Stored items

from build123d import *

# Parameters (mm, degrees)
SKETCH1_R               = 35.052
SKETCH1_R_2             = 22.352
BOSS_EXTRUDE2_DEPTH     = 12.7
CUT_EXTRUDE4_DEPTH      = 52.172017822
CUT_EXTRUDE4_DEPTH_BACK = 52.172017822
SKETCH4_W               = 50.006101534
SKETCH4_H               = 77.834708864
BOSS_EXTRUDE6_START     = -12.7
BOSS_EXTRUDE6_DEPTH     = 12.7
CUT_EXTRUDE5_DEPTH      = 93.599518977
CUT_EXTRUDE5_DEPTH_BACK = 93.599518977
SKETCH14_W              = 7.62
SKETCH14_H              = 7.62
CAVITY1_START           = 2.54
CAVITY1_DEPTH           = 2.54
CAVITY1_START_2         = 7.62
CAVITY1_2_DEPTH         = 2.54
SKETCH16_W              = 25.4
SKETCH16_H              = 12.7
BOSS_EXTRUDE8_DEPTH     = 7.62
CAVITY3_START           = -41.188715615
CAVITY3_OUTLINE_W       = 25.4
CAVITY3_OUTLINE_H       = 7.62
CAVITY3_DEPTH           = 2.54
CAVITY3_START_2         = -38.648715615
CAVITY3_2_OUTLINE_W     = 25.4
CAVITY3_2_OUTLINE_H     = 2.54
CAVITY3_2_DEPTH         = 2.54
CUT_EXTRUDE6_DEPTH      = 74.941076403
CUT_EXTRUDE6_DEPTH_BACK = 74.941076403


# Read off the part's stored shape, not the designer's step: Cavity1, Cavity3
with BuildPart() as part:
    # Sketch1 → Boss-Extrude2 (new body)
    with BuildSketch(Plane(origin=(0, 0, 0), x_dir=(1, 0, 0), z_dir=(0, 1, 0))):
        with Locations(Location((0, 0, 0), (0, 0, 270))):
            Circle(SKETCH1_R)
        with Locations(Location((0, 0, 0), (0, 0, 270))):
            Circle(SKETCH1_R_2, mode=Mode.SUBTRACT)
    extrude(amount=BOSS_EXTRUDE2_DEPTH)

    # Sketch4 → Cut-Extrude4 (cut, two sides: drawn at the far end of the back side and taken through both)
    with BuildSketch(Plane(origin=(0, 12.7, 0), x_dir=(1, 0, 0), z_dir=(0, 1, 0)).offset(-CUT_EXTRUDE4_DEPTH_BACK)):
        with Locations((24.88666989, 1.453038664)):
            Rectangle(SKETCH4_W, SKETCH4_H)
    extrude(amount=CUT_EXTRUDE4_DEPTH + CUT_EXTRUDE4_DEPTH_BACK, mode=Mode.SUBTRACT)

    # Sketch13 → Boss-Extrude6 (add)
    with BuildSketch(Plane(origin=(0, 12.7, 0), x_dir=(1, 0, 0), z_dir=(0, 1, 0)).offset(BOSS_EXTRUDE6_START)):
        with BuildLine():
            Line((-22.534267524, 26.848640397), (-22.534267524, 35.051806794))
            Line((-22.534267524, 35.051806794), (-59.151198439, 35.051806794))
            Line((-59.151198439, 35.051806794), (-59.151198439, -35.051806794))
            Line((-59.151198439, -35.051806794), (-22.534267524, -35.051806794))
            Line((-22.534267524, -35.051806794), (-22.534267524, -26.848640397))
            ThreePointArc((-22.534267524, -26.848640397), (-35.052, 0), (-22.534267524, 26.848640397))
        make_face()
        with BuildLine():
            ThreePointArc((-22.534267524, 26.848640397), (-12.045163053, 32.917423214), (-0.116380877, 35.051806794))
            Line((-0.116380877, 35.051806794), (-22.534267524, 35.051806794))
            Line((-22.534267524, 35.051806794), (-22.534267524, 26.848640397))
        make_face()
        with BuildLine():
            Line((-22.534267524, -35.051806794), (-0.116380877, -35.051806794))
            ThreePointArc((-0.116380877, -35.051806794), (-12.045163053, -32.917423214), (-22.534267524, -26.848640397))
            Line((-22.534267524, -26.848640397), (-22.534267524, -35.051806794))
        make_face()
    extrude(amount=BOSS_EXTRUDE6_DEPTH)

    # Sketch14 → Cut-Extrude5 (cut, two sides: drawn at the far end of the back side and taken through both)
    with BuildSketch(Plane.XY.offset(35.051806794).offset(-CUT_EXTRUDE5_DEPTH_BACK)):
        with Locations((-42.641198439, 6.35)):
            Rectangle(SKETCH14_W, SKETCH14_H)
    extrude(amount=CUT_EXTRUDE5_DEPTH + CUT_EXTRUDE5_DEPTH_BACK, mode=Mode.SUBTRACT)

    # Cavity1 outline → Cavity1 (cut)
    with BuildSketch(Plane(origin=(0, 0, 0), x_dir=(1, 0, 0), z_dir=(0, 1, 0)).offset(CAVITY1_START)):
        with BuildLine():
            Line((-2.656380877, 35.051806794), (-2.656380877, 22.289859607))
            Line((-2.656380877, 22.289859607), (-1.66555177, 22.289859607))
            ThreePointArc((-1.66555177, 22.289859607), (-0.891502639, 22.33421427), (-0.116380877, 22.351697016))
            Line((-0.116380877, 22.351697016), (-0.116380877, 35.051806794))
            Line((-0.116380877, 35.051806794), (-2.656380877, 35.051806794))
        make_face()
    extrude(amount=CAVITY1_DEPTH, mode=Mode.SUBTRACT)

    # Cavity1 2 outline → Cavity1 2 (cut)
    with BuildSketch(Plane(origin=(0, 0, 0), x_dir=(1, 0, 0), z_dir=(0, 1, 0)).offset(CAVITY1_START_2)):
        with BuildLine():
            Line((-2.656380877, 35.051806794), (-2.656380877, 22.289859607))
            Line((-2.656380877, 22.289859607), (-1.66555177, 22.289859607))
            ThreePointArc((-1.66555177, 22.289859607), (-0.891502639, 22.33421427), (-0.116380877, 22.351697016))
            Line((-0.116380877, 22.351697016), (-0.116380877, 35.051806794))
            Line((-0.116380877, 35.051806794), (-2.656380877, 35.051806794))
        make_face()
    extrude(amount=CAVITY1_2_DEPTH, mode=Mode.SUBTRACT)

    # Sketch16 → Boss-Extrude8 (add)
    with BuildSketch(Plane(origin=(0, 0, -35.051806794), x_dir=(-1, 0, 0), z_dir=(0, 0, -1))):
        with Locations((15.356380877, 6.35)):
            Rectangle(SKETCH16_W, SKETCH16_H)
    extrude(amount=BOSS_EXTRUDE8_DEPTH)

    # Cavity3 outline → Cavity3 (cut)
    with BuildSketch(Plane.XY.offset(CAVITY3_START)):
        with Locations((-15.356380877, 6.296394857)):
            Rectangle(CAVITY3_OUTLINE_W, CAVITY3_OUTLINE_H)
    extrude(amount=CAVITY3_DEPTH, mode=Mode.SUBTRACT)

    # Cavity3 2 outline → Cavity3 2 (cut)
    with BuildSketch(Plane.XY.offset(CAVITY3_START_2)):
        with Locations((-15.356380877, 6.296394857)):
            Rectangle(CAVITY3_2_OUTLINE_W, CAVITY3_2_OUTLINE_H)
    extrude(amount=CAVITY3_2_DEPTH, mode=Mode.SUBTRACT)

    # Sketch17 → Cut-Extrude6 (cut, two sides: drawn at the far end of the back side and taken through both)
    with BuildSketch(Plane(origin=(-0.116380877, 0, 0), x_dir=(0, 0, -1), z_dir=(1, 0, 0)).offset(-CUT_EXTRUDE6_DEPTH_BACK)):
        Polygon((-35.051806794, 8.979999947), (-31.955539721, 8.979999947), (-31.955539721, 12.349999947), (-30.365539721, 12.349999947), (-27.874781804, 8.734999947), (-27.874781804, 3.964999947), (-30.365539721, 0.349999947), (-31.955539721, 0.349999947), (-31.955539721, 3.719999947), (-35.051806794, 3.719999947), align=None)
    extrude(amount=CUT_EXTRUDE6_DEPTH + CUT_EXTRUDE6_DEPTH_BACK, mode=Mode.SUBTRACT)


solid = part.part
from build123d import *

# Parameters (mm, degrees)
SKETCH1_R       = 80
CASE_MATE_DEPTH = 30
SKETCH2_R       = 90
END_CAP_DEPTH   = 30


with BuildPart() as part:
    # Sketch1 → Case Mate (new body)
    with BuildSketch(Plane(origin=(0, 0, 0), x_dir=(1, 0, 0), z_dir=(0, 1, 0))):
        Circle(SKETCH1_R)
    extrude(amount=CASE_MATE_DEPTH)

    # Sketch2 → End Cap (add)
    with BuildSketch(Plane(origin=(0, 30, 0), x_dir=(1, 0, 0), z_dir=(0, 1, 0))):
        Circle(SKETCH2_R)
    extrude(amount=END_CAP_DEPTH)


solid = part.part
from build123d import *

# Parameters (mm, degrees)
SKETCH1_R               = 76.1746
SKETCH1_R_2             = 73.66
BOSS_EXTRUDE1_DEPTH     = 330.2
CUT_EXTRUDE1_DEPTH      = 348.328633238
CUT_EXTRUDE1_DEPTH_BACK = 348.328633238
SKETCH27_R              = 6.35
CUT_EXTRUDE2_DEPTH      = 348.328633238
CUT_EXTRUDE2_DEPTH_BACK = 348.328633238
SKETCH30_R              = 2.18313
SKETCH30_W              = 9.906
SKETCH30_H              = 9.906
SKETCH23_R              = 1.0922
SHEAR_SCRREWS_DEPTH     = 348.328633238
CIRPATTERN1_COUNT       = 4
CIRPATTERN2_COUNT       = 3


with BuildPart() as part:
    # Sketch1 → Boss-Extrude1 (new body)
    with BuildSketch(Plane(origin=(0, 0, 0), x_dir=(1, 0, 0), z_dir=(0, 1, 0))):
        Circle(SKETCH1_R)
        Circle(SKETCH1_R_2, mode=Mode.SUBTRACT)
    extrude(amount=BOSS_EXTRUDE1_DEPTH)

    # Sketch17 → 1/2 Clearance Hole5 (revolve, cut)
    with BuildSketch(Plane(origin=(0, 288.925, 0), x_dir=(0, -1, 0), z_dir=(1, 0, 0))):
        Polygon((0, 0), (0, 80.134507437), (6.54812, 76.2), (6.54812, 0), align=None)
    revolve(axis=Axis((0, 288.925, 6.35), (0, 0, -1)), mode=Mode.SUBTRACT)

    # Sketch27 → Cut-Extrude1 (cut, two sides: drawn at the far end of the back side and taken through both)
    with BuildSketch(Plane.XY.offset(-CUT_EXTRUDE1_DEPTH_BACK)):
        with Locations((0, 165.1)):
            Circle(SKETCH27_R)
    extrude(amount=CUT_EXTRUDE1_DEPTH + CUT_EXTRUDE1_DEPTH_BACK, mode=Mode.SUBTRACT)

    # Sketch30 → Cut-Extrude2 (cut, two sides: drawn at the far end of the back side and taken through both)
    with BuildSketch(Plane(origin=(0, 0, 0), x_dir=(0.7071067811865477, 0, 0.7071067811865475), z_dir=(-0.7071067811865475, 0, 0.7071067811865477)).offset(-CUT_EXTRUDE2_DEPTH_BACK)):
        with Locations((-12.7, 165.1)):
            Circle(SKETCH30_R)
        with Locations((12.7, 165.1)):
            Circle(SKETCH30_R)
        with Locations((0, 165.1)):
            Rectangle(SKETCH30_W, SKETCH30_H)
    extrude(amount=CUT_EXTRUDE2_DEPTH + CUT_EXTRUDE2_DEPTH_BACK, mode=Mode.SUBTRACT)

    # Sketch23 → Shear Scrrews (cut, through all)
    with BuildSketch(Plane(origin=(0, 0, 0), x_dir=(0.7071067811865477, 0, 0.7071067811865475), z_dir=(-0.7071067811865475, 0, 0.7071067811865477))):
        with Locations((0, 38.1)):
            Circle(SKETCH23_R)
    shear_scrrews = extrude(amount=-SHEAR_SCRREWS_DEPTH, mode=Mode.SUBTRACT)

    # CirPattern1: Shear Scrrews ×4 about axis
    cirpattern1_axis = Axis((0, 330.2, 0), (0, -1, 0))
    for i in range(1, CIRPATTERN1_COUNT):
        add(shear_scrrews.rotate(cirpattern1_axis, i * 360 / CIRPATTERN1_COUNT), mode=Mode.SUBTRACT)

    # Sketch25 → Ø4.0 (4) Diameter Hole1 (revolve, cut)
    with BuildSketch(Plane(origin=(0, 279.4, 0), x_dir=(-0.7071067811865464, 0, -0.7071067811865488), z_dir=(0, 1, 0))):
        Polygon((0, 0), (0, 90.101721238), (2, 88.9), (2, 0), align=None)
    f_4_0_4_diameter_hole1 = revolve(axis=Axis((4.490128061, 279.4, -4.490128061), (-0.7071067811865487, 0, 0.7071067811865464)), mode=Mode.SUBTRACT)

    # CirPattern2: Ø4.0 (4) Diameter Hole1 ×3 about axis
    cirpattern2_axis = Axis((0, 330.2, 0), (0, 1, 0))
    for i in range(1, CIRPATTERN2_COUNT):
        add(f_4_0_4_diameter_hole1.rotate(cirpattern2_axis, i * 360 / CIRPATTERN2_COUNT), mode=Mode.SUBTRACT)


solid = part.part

→ Task
Look over the entries above. Copy every line that contains the word "range".

→ Written answer
    for i in range(1, CIRPATTERN1_COUNT):
    for i in range(1, CIRPATTERN2_COUNT):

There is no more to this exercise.